• Current urology reports · Nov 2005

    Review

    Hypogonadism in the man with erectile dysfunction: what to look for and when to treat.

    • Stephen Lazarou and Abraham Morgentaler.
    • Men's Health Boston, One Brookline Place #624, Brookline, MA 02445, USA.
    • Curr Urol Rep. 2005 Nov 1; 6 (6): 476-81.

    AbstractHypogonadism (low serum testosterone) is commonly associated with erectile dysfunction (ED). However, many urologists may lack appreciation of the relative merits of treating hypogonadism compared with oral phosphodiesterase inhibitors for sexual dysfunction. Testosterone-replacement therapy (TRT) may be the best treatment for men with ED when the presentation includes diminished libido or other sexual symptoms or when non-sexual symptoms such as depressed mood, decreased sense of vitality, and increased fatigue also exist.
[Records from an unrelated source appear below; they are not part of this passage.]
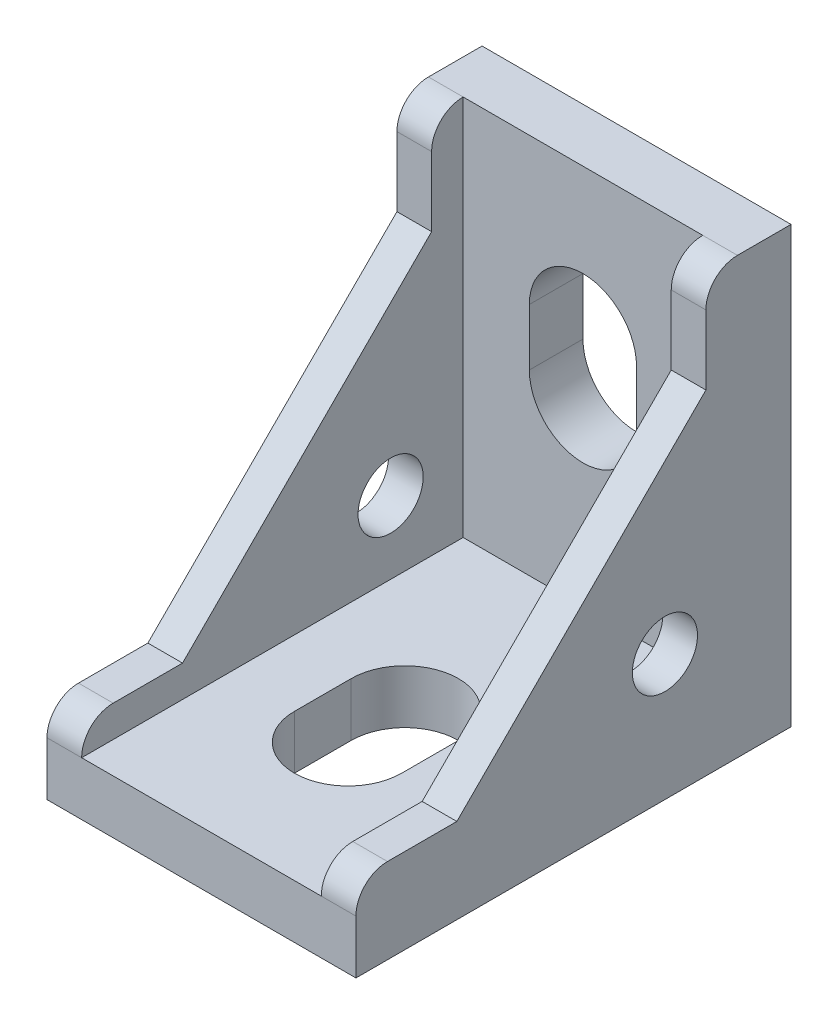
from build123d import *

# Parameters (mm, degrees)
SKETCH1_W           = 27.6
SKETCH1_H           = 27.6
BOSS_EXTRUDE1_DEPTH = 9.8
CUT_EXTRUDE1_DEPTH  = 44.676996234
SKETCH3_W           = 15.2
SKETCH3_H           = 24.2
CUT_EXTRUDE2_DEPTH  = 24.2
CUT_EXTRUDE3_DEPTH  = 44.676996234
FILLET110_R         = 2
CUT_EXTRUDE4_DEPTH  = 38.992630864
CUT_EXTRUDE5_DEPTH  = 38.992630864
SKETCH7_W           = 5.8
SKETCH7_H           = 3
BOSS_EXTRUDE2_DEPTH = 2
SKETCH8_W           = 5.8
SKETCH8_H           = 3
BOSS_EXTRUDE3_DEPTH = 2
CUT_EXTRUDE6_DEPTH  = 42.046437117
TAP101_D            = 4.134


with BuildPart() as part:
    # Sketch1 → Boss-Extrude1 (new, symmetric)
    with BuildSketch(Plane(origin=(0, 0, 0), x_dir=(0, 0, -1), z_dir=(1, 0, 0))):
        with Locations((-13.8, 13.8)):
            Rectangle(SKETCH1_W, SKETCH1_H)
    extrude(amount=BOSS_EXTRUDE1_DEPTH, both=True)

    # Sketch2 → Cut-Extrude1 (cut, through all)
    with BuildSketch(Plane.ZY.offset(9.8)):
        Polygon((27.6, 27.6), (5.4, 27.6), (27.6, 5.4), align=None)
    extrude(amount=-CUT_EXTRUDE1_DEPTH, mode=Mode.SUBTRACT)

    # Sketch3 → Cut-Extrude2 (cut)
    with BuildSketch(Plane(origin=(0, 27.6, 0), x_dir=(1, 0, 0), z_dir=(0, 1, 0))):
        with Locations((0, -15.5)):
            Rectangle(SKETCH3_W, SKETCH3_H)
    extrude(amount=-CUT_EXTRUDE2_DEPTH, mode=Mode.SUBTRACT)

    # Sketch4 → Cut-Extrude3 (cut, through all)
    with BuildSketch(Plane.ZY.offset(9.8)):
        Polygon((5.4, 27.6), (5.4, 21.2), (21.2, 5.4), (27.6, 5.4), align=None)
    extrude(amount=-CUT_EXTRUDE3_DEPTH, mode=Mode.SUBTRACT)

    # Fillet110
    fillet110_edges = [part.edges().sort_by_distance(p)[0] for p in [
        (8.7, 5.4, 27.6),
        (-8.7, 5.4, 27.6),
        (8.7, 27.6, 5.4),
        (-8.7, 27.6, 5.4),
    ]]
    fillet(fillet110_edges, radius=FILLET110_R)

    # Sketch5 → Cut-Extrude4 (cut, through all)
    with BuildSketch(Plane.XY.offset(3.4)):
        with BuildLine():
            Line((-3.4, 14.7), (-3.4, 18.3))
            ThreePointArc((-3.4, 18.3), (0, 21.7), (3.4, 18.3))
            Line((3.4, 18.3), (3.4, 14.7))
            ThreePointArc((3.4, 14.7), (0, 11.3), (-3.4, 14.7))
        make_face()
    extrude(amount=-CUT_EXTRUDE4_DEPTH, mode=Mode.SUBTRACT)

    # Sketch6 → Cut-Extrude5 (cut, through all)
    with BuildSketch(Plane(origin=(0, 3.4, 0), x_dir=(1, 0, 0), z_dir=(0, 1, 0))):
        with BuildLine():
            Line((3.4, -14.7), (3.4, -18.3))
            ThreePointArc((3.4, -18.3), (0, -21.7), (-3.4, -18.3))
            Line((-3.4, -18.3), (-3.4, -14.7))
            ThreePointArc((-3.4, -14.7), (0, -11.3), (3.4, -14.7))
        make_face()
    extrude(amount=-CUT_EXTRUDE5_DEPTH, mode=Mode.SUBTRACT)

    # Sketch7 → Boss-Extrude2 (add)
    with BuildSketch(Plane(origin=(0, 0, 0), x_dir=(-1, 0, 0), z_dir=(0, 0, -1))):
        with Locations((0, 24.6)):
            Rectangle(SKETCH7_W, SKETCH7_H)
        with Locations((0, 3)):
            Rectangle(SKETCH7_W, SKETCH7_H)
    extrude(amount=BOSS_EXTRUDE2_DEPTH)

    # Sketch8 → Boss-Extrude3 (add)
    with BuildSketch(Plane.XZ):
        with Locations((0, 24.6)):
            Rectangle(SKETCH8_W, SKETCH8_H)
        with Locations((0, 3)):
            Rectangle(SKETCH8_W, SKETCH8_H)
    extrude(amount=BOSS_EXTRUDE3_DEPTH)

    # Sketch9 → Cut-Extrude6 (cut, through all)
    with BuildSketch(Plane(origin=(2.9, 0, 0), x_dir=(0, 0, -1), z_dir=(1, 0, 0))):
        Polygon((0, 26.1), (2, 23.6), (2, 26.1), align=None)
        Polygon((0, 4.5), (2, 4.5), (2, 2), align=None)
        Polygon((-26.1, 0), (-26.1, -2), (-23.6, -2), align=None)
        Polygon((-4.5, 0), (-4.5, -2), (-2, -2), align=None)
    extrude(amount=-CUT_EXTRUDE6_DEPTH, mode=Mode.SUBTRACT)

    # Tap101 (through all)
    with Locations(Plane.ZY.offset(9.8)):
        with Locations((8, 8)):
            Hole(TAP101_D / 2)


solid = part.part

The health benefits of TRT also include improvements in body composition, bone density, cognition, and sense of well-being. Thus, there may be good reasons to use TRT as first-line therapy for the man with ED. Concerns regarding prostatic and cardiovascular risks of TRT have not been supported by the literature. Nevertheless, men receiving TRT must be monitored at regular intervals with digital rectal examination and blood testing for prostate-specific antigen. Hematocrit or hemoglobin also should be obtained regularly due to the risk of erythrocytosis. Awareness of the benefits of TRT in the man with ED may improve clinical outcomes.